Медленно подруливали к красно-зеленому полосатому шлагбауму машины с иностранными номерными знаками. Серые «Фольксвагены», черные «Форд-консулы-2000», синие «Рено», желтые «Крейслеры», высокие красные «Икарусы»...
Распахивались дверцы, туристы не спеша, разминая затекшие от долгого сидения ноги, выходили из машин. Любезно показывали пограничникам паспорта.
Немецкая речь, английская, французская... Приглашение в таможенный зал. Обычные формальности.

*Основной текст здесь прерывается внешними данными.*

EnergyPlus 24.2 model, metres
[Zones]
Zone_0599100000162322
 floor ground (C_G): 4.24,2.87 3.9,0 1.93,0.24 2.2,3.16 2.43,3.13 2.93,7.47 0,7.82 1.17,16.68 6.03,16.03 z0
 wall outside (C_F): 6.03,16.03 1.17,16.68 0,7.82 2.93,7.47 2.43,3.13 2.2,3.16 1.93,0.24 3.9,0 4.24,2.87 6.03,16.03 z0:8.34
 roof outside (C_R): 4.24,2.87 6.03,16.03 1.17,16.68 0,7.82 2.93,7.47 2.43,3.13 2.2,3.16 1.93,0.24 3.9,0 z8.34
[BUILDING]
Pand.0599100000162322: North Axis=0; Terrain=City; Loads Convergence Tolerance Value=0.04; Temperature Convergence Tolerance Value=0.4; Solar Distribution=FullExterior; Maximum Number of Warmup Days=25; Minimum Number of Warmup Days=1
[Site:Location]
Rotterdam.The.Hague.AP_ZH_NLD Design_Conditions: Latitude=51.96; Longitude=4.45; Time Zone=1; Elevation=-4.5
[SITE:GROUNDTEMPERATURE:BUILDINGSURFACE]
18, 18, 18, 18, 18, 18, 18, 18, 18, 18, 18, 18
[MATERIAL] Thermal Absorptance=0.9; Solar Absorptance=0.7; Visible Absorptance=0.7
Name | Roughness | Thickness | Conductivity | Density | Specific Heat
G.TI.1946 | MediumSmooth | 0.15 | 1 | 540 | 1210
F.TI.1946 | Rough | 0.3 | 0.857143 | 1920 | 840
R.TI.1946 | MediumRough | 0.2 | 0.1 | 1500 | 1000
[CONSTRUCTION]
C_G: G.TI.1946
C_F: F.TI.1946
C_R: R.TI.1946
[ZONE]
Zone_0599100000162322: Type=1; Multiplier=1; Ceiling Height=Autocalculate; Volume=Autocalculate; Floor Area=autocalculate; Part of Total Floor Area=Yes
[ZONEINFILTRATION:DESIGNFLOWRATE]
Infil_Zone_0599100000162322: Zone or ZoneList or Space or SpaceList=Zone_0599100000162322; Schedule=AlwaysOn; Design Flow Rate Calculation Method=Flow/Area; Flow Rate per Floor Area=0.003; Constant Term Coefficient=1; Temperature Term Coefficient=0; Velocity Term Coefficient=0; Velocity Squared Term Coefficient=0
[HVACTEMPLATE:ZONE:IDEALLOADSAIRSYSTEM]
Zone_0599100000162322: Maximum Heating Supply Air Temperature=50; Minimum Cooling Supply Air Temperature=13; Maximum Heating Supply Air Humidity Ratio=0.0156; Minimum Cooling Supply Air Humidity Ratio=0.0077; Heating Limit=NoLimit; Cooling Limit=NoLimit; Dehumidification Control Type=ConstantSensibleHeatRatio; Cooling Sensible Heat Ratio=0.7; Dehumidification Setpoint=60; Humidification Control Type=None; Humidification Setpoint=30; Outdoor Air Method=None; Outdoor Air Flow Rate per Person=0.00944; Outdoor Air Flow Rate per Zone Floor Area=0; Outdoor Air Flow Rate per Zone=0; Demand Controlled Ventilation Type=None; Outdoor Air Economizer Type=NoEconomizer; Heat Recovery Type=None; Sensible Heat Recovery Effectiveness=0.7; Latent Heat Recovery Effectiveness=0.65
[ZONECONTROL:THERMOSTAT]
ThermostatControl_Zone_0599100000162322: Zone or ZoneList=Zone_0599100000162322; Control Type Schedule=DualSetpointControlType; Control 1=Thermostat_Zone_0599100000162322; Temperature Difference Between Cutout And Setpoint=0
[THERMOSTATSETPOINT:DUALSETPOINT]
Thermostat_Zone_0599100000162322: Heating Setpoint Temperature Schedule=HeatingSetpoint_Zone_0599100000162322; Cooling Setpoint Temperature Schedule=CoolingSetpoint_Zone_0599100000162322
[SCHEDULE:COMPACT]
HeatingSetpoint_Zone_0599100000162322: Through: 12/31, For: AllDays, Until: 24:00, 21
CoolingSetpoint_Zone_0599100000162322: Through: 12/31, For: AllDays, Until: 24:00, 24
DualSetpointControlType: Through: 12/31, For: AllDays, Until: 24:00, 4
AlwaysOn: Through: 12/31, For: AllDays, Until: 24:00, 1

— Есть ли в машине предметы, утаенные от досмотра таможни?
— Нон... Нон, месье!
Старший инспектор таможни Василий Иванович Елизаров попросил владельца «Рено» отойти от машины — он должен осмотреть ее.
Осмотр длился несколько минут.
— Пожалуйста! Все в порядке. Можете ехать.
— Мерси! Адью, мои ами![1]
— Всего доброго. До свидания.
Елизаров промокнул белоснежным носовым платком лоб — жарко в костюме! — поправил галстук и подошел к «Форд-консулу-2000». Контрольный осмотр продолжался...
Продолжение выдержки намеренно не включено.